* **Task description**: Beginning at the line containing "#269=DIRECTION('',(0.,0.,1.));" in the material below and ending at the line containing "#299=CARTESIAN_POINT('',(0.,-1.25,0.));", return each line exactly and add nothing.

* **Data extracts**:
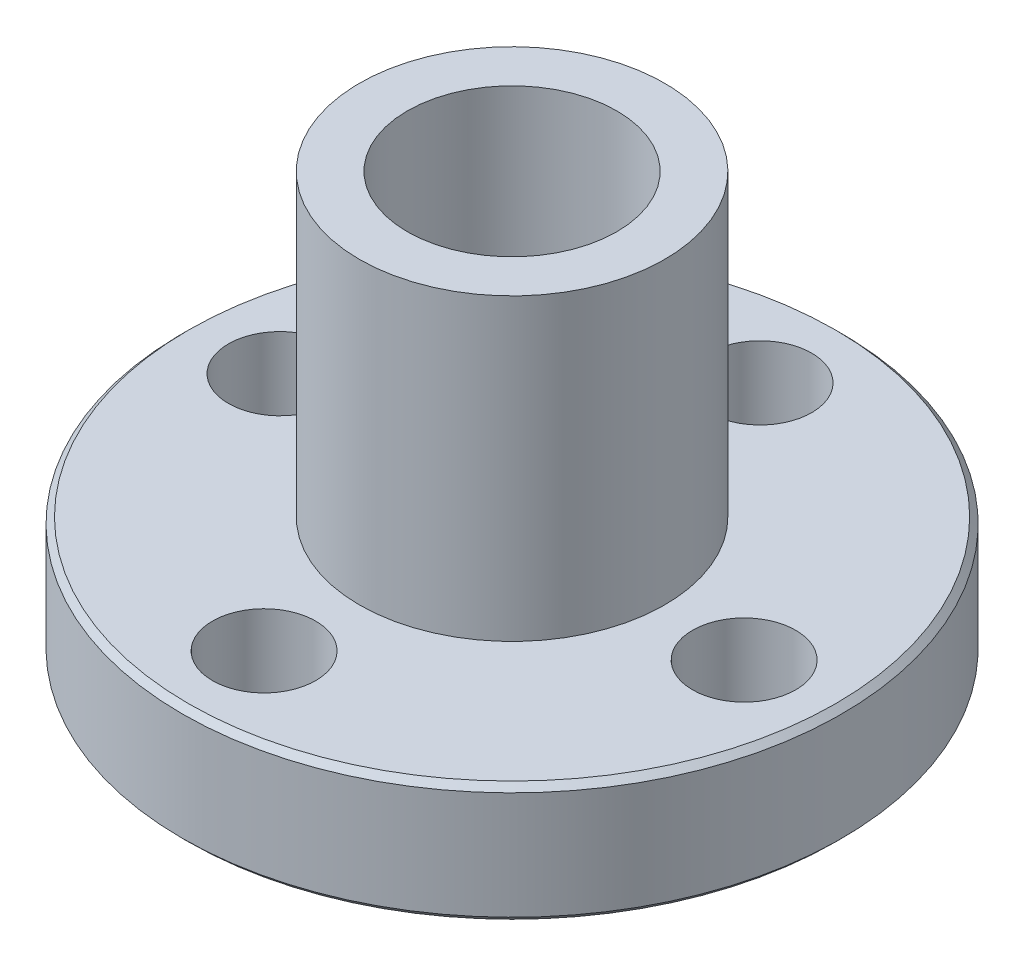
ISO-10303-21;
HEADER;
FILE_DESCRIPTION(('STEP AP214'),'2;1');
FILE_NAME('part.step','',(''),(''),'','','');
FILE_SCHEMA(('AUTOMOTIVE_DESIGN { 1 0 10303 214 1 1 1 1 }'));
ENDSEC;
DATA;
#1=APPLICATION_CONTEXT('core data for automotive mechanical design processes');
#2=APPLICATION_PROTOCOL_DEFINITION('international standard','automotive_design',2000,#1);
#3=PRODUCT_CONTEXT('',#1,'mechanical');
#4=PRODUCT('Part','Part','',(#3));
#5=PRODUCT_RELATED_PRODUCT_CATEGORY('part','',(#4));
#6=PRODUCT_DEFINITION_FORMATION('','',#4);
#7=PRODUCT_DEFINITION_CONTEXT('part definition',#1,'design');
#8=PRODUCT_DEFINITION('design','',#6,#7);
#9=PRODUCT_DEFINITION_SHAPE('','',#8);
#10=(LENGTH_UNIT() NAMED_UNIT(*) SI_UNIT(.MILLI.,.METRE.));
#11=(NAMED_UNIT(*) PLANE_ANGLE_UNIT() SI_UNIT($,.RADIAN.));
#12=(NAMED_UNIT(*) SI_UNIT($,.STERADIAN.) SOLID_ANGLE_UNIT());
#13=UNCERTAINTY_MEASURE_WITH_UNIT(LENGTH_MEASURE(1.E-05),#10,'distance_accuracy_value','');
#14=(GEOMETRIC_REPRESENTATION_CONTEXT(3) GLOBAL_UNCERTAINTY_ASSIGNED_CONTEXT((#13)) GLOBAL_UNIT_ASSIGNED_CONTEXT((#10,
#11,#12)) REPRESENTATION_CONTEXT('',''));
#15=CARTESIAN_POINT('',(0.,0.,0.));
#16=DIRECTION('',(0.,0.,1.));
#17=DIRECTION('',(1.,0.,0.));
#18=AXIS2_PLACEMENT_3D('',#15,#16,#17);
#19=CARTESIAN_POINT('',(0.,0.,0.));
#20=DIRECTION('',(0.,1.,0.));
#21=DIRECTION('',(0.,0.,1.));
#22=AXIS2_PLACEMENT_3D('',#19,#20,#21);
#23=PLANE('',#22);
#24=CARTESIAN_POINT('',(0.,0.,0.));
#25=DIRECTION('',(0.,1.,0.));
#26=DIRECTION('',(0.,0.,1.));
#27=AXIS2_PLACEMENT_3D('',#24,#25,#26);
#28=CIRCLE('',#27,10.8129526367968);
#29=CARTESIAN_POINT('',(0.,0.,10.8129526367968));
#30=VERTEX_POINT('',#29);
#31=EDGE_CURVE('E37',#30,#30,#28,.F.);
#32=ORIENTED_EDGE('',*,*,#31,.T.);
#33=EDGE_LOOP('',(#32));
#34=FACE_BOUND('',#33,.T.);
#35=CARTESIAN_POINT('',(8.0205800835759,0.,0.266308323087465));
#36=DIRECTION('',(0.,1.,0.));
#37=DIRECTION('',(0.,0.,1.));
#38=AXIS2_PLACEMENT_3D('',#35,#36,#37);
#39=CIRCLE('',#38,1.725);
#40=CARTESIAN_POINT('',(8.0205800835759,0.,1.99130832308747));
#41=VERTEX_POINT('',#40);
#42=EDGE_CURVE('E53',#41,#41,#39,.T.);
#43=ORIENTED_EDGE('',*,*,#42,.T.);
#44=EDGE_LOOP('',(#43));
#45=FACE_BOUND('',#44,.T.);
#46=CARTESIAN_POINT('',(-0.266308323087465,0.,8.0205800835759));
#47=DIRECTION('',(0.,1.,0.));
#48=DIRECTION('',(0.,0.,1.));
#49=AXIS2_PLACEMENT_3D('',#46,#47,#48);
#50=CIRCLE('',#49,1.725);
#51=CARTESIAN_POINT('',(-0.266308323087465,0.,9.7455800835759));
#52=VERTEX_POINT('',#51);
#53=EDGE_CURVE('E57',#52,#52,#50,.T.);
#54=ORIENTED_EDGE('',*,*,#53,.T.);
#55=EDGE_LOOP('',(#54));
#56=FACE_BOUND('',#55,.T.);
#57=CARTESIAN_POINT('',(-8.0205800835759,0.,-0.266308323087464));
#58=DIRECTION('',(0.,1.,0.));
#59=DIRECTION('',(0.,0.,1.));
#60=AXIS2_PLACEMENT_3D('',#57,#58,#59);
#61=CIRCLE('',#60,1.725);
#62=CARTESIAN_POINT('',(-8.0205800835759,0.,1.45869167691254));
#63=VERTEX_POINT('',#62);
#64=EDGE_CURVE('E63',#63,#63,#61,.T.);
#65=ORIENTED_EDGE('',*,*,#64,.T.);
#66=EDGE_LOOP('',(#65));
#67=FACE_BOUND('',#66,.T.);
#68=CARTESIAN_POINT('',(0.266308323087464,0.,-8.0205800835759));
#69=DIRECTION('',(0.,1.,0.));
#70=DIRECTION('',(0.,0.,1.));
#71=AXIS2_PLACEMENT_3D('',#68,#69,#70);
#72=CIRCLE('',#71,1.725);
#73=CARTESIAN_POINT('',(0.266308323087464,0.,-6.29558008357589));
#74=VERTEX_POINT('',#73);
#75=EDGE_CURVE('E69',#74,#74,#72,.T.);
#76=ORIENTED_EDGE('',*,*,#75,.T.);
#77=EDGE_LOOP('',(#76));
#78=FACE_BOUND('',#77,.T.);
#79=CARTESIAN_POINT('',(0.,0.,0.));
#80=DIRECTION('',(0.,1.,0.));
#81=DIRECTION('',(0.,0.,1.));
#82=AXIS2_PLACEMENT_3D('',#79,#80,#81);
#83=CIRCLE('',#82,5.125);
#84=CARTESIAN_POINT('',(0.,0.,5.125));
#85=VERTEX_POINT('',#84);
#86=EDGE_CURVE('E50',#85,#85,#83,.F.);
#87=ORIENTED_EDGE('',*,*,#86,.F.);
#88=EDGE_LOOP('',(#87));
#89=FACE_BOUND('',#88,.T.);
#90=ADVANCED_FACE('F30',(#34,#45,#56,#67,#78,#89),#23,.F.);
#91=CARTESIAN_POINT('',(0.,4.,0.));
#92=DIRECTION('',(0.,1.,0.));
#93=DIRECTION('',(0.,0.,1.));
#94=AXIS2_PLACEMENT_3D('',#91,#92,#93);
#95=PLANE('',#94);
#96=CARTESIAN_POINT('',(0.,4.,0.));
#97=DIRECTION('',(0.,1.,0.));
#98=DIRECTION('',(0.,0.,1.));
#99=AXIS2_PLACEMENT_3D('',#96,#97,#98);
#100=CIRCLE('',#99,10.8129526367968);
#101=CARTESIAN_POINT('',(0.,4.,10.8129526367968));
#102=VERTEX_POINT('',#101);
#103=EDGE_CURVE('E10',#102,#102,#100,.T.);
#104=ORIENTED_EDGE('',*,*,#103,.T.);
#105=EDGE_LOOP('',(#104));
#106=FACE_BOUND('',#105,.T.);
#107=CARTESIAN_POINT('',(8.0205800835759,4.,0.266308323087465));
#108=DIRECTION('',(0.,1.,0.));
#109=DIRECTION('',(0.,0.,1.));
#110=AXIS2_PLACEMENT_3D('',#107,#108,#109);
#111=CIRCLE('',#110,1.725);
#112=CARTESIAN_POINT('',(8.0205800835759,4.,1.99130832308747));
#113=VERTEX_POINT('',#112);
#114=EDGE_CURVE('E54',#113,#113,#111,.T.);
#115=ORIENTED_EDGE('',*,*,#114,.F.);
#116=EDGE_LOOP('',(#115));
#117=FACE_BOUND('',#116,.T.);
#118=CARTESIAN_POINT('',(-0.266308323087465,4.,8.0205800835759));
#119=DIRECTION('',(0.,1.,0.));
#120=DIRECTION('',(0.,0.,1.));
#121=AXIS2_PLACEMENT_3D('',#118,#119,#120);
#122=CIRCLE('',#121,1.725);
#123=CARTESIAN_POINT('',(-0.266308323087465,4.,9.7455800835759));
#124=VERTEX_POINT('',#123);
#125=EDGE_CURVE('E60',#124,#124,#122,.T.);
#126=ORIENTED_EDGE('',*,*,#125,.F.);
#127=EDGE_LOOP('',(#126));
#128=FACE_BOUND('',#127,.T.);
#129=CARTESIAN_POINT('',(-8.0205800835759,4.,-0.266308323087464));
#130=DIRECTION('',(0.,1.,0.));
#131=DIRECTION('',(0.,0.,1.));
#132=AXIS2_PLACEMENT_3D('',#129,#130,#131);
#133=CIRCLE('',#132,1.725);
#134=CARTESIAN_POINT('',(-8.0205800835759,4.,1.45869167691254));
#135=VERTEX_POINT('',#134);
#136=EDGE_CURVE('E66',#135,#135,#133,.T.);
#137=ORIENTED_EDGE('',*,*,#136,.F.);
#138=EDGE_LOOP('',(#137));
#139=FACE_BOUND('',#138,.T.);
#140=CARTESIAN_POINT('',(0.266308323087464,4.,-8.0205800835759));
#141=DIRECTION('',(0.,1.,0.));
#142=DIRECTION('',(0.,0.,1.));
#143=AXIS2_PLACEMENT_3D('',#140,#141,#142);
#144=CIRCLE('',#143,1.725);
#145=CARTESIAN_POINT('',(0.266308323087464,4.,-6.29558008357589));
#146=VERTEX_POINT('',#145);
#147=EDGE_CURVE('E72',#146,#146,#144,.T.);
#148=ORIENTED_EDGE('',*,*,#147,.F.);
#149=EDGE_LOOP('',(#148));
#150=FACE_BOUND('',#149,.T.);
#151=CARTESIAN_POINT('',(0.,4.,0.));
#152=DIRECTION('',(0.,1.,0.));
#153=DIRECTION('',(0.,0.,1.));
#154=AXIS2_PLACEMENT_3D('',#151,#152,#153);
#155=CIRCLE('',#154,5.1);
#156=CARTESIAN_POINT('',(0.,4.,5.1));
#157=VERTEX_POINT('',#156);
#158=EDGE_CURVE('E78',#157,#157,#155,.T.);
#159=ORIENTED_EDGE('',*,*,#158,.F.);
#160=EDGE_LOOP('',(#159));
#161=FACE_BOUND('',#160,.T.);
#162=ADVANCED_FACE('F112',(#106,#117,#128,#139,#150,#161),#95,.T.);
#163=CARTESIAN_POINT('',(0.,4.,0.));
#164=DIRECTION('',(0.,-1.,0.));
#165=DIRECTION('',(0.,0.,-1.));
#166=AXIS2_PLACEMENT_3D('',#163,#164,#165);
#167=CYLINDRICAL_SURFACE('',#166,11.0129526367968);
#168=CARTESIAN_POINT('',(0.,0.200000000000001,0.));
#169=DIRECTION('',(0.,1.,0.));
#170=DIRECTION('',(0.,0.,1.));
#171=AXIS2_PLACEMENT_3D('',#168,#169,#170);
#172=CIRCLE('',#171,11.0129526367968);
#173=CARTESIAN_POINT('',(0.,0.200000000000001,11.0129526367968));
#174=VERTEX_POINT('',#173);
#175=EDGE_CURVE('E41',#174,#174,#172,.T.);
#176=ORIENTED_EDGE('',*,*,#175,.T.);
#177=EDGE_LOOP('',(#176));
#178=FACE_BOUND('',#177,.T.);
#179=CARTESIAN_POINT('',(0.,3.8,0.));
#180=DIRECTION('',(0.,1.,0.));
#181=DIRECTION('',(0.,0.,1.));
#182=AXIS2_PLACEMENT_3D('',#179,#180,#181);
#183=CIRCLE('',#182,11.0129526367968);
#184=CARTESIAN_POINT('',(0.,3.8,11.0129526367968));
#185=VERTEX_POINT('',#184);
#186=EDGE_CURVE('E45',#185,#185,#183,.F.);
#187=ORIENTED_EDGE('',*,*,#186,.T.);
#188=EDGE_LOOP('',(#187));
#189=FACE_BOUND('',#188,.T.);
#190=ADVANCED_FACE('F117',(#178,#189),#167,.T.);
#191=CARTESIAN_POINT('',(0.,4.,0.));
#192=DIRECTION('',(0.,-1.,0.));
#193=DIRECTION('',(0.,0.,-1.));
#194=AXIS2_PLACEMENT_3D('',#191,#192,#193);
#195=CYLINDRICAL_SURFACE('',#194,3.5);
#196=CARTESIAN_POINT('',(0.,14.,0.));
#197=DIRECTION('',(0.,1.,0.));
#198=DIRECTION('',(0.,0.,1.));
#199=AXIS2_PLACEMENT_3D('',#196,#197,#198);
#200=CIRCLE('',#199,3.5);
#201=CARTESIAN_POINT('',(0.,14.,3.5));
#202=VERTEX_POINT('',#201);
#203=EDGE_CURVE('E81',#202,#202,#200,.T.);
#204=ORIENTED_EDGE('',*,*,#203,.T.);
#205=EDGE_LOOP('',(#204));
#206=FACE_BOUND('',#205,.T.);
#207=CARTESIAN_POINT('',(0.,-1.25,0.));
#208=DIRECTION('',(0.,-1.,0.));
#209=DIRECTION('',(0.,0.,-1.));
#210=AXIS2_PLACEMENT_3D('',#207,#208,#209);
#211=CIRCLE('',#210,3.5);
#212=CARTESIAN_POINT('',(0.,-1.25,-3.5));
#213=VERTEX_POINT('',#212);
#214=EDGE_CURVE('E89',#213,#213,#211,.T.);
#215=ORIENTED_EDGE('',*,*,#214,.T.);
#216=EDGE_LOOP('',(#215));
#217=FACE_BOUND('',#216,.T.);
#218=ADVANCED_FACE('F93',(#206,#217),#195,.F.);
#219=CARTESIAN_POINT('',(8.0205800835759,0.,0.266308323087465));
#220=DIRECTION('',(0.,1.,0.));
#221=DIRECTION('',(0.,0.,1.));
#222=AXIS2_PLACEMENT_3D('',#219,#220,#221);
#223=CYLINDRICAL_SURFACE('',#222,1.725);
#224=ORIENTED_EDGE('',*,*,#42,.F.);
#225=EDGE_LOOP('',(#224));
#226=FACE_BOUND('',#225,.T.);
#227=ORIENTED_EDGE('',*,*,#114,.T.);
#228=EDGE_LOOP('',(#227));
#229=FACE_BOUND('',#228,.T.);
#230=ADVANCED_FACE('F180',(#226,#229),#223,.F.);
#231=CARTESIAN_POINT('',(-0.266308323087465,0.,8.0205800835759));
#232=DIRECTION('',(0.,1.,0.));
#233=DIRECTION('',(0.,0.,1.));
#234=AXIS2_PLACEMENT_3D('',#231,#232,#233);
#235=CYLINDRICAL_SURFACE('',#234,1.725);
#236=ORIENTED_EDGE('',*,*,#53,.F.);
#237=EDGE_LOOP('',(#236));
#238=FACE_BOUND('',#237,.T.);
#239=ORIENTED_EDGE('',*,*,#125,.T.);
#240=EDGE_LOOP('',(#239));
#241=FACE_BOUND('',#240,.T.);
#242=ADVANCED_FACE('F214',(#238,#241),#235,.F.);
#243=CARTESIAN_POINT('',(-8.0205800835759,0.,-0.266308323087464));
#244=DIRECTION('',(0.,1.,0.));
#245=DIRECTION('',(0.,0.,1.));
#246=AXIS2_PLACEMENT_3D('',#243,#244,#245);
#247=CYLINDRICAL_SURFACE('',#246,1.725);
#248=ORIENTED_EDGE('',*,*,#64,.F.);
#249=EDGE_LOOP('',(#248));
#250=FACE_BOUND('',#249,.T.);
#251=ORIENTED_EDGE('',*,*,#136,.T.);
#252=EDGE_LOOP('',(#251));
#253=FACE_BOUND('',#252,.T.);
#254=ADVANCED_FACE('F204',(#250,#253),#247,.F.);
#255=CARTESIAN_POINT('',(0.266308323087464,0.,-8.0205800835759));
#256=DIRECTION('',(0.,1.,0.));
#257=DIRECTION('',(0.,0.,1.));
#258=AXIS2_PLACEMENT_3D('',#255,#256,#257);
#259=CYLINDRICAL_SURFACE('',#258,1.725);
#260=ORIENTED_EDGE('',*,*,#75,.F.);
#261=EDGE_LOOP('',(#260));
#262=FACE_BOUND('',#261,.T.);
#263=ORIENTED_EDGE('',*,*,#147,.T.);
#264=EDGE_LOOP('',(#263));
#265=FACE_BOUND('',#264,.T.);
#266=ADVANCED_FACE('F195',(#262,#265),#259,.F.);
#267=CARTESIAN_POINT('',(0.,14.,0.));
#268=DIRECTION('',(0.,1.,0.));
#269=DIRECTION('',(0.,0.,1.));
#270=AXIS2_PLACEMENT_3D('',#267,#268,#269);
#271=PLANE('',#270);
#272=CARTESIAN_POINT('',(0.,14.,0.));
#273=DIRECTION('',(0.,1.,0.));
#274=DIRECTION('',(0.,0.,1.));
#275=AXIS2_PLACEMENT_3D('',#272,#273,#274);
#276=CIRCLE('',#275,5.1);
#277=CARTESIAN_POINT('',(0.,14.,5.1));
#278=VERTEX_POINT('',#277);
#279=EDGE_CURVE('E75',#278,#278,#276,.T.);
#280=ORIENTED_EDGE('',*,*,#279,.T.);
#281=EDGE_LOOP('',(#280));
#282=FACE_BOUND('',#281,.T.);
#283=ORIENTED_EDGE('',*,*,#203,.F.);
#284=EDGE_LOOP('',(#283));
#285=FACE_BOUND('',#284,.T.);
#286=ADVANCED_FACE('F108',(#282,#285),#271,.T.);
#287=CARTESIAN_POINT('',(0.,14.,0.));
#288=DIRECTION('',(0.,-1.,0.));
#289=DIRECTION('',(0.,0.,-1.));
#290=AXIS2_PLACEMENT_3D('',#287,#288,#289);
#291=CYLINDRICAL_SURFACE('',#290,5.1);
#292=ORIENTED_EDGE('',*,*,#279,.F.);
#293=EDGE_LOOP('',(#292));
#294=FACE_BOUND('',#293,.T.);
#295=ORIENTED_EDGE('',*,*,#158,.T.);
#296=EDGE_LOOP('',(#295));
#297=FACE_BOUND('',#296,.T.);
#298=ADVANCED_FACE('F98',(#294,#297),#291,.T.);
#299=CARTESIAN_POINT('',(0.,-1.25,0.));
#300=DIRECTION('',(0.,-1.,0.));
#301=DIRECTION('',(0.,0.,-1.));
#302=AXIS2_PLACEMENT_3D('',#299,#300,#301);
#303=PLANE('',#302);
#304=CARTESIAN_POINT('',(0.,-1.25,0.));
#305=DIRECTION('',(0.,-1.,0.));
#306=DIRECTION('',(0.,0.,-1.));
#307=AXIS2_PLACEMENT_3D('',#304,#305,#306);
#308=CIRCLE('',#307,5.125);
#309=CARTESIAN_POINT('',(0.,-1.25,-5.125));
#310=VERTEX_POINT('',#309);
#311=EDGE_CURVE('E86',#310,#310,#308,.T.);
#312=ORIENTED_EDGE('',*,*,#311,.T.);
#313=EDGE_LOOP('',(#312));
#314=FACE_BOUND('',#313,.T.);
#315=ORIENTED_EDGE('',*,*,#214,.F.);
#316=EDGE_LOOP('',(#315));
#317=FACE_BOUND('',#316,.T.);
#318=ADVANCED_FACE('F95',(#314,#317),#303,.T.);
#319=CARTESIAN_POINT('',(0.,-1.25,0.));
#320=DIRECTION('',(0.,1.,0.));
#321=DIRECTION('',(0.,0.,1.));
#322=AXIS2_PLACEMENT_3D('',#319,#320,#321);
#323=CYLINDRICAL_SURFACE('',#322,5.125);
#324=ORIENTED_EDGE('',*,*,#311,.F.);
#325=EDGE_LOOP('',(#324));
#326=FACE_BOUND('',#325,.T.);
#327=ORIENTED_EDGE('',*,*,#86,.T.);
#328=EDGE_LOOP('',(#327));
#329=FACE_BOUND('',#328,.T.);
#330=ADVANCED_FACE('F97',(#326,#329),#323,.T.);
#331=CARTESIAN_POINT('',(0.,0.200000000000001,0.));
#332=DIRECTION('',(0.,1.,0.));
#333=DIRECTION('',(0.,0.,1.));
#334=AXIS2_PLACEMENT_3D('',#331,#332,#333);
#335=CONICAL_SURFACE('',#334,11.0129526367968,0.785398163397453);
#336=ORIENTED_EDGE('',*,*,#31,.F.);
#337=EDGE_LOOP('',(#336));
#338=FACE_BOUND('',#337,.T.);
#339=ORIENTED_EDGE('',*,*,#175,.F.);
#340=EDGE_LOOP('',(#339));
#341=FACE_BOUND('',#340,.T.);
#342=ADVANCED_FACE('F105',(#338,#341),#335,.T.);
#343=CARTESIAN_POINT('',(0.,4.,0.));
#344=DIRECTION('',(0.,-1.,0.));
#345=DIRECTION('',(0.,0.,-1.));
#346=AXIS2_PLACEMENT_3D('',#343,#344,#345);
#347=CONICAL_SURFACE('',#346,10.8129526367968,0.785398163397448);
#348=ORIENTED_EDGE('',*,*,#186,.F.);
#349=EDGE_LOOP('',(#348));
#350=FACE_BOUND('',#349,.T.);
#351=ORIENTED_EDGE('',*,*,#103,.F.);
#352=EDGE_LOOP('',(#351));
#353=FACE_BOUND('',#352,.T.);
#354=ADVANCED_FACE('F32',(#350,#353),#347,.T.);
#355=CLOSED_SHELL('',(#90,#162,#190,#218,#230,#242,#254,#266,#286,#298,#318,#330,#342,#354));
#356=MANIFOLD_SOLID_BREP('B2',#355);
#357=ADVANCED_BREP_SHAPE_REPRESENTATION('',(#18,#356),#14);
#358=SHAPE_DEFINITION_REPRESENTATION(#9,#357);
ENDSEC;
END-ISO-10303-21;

* **Answer section**:
#269=DIRECTION('',(0.,0.,1.));
#270=AXIS2_PLACEMENT_3D('',#267,#268,#269);
#271=PLANE('',#270);
#272=CARTESIAN_POINT('',(0.,14.,0.));
#273=DIRECTION('',(0.,1.,0.));
#274=DIRECTION('',(0.,0.,1.));
#275=AXIS2_PLACEMENT_3D('',#272,#273,#274);
#276=CIRCLE('',#275,5.1);
#277=CARTESIAN_POINT('',(0.,14.,5.1));
#278=VERTEX_POINT('',#277);
#279=EDGE_CURVE('E75',#278,#278,#276,.T.);
#280=ORIENTED_EDGE('',*,*,#279,.T.);
#281=EDGE_LOOP('',(#280));
#282=FACE_BOUND('',#281,.T.);
#283=ORIENTED_EDGE('',*,*,#203,.F.);
#284=EDGE_LOOP('',(#283));
#285=FACE_BOUND('',#284,.T.);
#286=ADVANCED_FACE('F108',(#282,#285),#271,.T.);
#287=CARTESIAN_POINT('',(0.,14.,0.));
#288=DIRECTION('',(0.,-1.,0.));
#289=DIRECTION('',(0.,0.,-1.));
#290=AXIS2_PLACEMENT_3D('',#287,#288,#289);
#291=CYLINDRICAL_SURFACE('',#290,5.1);
#292=ORIENTED_EDGE('',*,*,#279,.F.);
#293=EDGE_LOOP('',(#292));
#294=FACE_BOUND('',#293,.T.);
#295=ORIENTED_EDGE('',*,*,#158,.T.);
#296=EDGE_LOOP('',(#295));
#297=FACE_BOUND('',#296,.T.);
#298=ADVANCED_FACE('F98',(#294,#297),#291,.T.);
#299=CARTESIAN_POINT('',(0.,-1.25,0.));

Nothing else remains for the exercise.